# Half-screen Monitor Problem



## GeneB (Jul 28, 2004)

This is kind of an odd problem and I'm completely at a loss on what to make of it. My daughter has a 17" LCD ViewSonic monitor (about two years old) on her WinXP computer. A few months ago it started acting strange when the computer was started. On startup you could only see half the screen. The POST screen was displayed, but you could only see the bottom half of it--and that was all on the top half of the monitor--the bottom half was black. And when Windows loaded, the splash screen was displayed the same way--only the bottom half showed, and that was all pushed up to the top half of the screen. (It's as if the display is printed on a window shade that's rolled halfway up.) After Windows loaded everything was fine and the display was normal.

I figured it was probably a driver issue, so I updated the graphics and monitor drivers but that didn't fix the problem. Since everything else worked OK, we didn't worry about it any more.

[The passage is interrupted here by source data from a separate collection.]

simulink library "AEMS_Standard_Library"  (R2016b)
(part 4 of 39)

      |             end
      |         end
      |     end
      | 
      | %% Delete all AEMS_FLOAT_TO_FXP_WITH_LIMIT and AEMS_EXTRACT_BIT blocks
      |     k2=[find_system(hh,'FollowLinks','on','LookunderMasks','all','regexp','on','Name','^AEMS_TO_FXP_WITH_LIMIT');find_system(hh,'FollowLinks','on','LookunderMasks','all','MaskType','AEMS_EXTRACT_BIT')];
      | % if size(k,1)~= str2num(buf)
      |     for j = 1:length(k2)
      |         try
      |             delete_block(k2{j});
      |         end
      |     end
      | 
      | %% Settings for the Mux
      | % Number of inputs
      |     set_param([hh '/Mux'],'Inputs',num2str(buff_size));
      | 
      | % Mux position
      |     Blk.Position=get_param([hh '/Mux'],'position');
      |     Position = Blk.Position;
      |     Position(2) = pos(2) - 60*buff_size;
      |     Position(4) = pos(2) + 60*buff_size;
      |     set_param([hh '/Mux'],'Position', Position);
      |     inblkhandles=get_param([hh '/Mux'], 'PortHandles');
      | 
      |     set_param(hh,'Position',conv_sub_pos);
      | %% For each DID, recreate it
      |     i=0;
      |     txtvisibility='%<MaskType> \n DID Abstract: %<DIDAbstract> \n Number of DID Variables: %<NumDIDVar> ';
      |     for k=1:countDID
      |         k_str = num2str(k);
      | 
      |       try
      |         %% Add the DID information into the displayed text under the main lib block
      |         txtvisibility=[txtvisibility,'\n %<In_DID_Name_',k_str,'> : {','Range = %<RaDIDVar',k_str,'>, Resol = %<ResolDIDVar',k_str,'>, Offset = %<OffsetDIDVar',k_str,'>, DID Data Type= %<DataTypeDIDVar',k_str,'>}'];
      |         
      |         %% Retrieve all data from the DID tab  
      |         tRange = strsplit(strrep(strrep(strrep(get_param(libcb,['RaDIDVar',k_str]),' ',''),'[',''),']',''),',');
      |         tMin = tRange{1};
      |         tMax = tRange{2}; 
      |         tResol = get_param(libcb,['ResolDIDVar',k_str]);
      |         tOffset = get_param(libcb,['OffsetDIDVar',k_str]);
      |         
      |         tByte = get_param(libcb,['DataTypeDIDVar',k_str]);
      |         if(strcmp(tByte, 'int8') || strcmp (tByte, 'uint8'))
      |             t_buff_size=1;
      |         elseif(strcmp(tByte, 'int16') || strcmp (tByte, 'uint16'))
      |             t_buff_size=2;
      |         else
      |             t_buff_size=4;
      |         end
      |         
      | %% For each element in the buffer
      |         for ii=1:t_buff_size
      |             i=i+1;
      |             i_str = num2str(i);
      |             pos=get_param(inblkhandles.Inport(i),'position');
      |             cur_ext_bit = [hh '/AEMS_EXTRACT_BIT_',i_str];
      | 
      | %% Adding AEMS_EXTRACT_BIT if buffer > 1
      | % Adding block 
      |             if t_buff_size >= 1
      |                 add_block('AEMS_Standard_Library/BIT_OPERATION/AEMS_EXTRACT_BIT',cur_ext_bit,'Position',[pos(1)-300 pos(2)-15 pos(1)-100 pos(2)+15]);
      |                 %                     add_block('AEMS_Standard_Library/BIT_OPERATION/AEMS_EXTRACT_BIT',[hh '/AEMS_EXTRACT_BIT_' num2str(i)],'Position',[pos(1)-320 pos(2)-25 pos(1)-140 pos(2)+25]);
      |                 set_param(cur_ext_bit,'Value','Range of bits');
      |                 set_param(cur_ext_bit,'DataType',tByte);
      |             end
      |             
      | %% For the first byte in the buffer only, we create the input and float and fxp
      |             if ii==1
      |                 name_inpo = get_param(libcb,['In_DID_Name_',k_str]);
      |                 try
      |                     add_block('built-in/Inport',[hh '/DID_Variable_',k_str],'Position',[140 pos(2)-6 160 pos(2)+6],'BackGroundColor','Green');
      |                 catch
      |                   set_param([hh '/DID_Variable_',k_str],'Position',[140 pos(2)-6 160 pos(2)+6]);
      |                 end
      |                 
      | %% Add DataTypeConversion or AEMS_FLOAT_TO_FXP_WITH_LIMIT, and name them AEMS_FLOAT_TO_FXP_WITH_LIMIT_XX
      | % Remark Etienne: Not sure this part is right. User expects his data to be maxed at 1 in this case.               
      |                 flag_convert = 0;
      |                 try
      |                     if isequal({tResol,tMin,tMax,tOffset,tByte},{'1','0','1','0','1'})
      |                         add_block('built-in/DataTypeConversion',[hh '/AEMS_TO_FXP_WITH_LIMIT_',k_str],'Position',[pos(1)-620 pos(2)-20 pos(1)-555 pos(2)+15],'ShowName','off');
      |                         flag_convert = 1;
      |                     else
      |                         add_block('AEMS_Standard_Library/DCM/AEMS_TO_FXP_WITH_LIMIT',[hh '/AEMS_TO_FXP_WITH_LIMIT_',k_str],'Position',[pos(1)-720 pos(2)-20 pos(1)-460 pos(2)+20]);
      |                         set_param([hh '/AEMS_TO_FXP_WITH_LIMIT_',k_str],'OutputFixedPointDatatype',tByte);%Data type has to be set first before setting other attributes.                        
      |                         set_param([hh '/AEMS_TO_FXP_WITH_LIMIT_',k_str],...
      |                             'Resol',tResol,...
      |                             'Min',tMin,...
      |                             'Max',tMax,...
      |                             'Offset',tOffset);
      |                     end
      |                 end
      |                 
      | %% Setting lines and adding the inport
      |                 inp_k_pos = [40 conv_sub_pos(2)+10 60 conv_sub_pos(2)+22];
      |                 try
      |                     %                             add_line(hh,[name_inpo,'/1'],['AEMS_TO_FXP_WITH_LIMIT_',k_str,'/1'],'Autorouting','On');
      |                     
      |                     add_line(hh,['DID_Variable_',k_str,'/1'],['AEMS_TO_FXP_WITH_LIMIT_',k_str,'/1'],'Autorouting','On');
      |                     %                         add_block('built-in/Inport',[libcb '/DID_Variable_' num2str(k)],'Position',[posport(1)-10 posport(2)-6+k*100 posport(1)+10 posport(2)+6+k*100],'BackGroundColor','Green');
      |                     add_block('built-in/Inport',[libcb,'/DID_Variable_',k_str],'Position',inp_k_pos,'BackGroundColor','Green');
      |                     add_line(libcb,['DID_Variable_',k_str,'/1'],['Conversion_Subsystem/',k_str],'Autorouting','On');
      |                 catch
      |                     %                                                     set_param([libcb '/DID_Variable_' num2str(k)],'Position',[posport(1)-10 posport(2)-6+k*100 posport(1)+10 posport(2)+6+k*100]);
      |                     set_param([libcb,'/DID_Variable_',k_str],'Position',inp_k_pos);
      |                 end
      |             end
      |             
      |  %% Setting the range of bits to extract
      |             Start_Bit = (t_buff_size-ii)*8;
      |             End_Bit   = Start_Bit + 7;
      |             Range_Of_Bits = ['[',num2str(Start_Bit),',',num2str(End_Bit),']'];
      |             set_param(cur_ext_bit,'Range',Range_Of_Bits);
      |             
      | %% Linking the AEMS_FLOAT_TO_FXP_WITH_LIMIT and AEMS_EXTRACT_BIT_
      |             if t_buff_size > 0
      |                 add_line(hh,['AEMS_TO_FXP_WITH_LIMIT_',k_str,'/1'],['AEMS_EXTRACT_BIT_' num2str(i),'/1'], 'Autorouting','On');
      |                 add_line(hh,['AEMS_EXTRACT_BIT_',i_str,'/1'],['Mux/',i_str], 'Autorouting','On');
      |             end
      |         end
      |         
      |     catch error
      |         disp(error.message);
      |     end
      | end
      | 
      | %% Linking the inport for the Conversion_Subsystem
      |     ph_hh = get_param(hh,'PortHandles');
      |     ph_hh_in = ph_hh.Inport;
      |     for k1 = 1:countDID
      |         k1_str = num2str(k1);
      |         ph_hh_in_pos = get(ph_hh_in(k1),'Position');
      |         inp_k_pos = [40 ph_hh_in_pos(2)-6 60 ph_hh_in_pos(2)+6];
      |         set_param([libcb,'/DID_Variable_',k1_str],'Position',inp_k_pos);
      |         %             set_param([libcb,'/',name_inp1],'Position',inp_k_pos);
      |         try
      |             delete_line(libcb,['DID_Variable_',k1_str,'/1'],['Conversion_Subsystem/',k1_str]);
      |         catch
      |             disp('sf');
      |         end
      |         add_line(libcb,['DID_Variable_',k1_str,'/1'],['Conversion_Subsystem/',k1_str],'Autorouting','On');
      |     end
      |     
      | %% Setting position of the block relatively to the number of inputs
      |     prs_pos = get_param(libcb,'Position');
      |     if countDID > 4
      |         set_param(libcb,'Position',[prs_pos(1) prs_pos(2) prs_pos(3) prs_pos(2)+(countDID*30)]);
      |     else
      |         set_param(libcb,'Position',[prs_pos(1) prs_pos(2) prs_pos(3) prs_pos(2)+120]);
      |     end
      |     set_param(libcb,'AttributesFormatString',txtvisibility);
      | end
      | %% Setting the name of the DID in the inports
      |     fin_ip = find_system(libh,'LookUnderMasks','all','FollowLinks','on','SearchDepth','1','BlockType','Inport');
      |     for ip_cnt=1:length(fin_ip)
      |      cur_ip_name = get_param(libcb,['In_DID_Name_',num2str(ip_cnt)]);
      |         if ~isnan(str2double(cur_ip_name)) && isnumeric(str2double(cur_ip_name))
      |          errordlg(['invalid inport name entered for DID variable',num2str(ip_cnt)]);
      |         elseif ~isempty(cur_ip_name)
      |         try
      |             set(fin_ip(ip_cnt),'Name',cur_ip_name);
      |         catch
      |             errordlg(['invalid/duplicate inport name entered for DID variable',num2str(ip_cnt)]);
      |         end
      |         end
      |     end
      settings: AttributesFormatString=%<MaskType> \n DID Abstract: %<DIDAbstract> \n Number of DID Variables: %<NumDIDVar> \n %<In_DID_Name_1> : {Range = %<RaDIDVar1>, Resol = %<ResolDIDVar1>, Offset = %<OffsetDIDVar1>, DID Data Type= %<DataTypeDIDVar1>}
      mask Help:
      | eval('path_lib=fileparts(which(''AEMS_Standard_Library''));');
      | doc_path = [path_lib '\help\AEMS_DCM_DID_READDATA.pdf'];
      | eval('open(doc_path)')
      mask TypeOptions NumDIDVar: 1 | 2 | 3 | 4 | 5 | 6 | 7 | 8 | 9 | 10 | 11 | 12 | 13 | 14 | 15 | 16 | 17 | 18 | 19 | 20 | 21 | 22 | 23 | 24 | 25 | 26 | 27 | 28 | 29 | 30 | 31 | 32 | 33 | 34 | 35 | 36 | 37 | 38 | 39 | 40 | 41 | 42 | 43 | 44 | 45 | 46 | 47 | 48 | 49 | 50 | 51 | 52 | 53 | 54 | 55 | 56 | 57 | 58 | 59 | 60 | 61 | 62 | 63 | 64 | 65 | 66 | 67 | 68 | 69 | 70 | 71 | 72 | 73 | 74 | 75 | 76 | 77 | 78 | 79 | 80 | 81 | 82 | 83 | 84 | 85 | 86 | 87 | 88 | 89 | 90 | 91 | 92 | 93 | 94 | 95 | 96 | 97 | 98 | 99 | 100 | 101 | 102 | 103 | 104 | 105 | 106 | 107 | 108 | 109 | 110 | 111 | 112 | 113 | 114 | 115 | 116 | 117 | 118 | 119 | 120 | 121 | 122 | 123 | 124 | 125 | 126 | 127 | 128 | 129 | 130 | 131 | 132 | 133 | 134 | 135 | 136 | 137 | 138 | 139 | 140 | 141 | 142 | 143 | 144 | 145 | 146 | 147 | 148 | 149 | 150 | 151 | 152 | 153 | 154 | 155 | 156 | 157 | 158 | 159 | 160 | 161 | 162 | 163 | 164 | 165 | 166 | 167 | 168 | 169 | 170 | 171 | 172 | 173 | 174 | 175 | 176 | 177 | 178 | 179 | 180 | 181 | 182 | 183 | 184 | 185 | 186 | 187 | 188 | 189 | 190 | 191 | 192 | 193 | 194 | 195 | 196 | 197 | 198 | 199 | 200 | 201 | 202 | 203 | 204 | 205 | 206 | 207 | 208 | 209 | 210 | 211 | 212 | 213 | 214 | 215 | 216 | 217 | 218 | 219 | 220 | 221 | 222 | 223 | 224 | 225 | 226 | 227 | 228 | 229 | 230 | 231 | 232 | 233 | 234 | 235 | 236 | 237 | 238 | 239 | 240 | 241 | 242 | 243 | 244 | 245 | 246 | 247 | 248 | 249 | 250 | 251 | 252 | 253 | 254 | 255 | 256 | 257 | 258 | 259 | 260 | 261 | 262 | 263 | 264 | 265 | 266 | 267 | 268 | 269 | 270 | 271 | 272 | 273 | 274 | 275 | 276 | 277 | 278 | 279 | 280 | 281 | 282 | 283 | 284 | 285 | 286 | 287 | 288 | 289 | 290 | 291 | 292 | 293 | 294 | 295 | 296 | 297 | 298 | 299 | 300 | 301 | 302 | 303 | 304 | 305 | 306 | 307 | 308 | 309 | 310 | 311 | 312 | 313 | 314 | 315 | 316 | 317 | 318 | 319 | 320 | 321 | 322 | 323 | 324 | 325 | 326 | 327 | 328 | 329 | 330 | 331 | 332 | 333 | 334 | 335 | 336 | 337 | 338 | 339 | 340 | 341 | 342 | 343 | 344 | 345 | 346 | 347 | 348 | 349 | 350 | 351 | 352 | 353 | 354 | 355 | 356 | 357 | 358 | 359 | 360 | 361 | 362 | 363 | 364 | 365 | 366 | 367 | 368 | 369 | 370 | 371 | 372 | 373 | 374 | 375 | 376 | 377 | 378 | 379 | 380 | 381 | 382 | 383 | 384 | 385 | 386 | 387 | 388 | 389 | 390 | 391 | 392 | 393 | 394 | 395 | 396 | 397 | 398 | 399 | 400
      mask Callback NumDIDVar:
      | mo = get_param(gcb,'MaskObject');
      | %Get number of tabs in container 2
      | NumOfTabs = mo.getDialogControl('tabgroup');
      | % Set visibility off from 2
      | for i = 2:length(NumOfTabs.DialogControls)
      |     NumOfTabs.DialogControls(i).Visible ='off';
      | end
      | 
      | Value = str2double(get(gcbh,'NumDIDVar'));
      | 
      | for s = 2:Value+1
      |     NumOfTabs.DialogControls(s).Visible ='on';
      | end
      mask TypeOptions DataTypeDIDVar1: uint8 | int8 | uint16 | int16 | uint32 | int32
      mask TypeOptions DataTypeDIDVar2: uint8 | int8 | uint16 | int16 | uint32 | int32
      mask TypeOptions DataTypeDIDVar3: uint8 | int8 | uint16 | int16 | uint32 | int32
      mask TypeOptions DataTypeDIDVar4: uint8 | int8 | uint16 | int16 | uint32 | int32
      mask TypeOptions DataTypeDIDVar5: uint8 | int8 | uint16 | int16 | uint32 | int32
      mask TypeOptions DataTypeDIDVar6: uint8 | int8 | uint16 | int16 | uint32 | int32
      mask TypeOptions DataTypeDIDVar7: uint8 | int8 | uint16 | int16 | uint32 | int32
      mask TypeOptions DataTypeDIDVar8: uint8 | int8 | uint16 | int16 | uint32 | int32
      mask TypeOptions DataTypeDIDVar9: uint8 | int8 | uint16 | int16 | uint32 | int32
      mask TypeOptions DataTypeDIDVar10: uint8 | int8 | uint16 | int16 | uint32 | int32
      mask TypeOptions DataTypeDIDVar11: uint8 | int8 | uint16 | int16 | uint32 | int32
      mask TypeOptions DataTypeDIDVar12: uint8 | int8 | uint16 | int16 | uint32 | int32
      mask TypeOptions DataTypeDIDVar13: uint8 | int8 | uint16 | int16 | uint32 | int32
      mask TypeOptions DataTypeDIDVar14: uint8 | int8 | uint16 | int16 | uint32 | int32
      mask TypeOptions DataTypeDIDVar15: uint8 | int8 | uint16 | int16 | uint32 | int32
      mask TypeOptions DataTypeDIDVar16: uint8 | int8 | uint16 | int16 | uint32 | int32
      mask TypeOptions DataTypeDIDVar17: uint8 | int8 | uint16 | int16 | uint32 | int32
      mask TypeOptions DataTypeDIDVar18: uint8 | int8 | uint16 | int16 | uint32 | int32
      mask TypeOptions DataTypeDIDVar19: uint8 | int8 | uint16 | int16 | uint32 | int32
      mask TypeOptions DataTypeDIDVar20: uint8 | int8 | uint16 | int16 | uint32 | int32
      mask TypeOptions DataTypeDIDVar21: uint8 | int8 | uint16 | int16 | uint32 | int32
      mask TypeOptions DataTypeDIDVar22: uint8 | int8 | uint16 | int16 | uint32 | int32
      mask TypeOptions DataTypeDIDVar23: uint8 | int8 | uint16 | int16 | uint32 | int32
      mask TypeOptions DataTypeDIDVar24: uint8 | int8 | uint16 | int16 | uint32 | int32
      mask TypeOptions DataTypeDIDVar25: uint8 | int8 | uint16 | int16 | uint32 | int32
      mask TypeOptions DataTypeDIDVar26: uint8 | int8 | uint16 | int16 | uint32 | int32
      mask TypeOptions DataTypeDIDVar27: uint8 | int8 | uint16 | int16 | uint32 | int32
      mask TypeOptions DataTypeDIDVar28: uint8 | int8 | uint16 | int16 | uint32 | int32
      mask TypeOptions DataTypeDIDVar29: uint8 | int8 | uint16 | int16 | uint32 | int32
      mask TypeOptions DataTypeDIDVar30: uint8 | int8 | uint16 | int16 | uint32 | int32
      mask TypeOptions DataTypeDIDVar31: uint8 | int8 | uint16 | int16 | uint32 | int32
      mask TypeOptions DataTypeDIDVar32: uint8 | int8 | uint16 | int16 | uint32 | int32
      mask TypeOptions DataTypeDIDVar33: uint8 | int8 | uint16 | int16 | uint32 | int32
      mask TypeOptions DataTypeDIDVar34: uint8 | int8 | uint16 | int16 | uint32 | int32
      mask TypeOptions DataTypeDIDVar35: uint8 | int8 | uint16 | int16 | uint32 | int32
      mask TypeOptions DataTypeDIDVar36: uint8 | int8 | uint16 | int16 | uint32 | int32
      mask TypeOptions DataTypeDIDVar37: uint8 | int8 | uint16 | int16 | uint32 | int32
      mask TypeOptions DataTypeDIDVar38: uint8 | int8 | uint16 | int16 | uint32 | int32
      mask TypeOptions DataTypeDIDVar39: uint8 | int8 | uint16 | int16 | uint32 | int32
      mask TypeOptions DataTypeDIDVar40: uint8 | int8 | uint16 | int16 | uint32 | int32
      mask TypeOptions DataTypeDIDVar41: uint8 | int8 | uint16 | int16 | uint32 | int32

But then last week she got a (relatively) new computer, hooked it up, and the same boot-up display problem was there. Still not a big deal, except she installed some programs for her 4-year-old (something from a Jumpstart Learning series) and those programs show the same problem--you can only see the bottom half of the display and the bottom of the screen is black. All other programs run and display normally, and there's no problem at all with a different monitor hooked up.

So it must be a monitor problem, right? But why does this half-screen goofiness only show up at boot and with a couple of not-very-sophisticated programs? Everything else is fine. Am I missing something?


----------



## johnpost (Dec 18, 2005)

it seems to be happening at certain resolutions such as are used
during post screen, splash and those programs.

alot of kid educational software changes the video output
resolution to run 

if new computer means new video card or on board
video then the computer output is not the problem.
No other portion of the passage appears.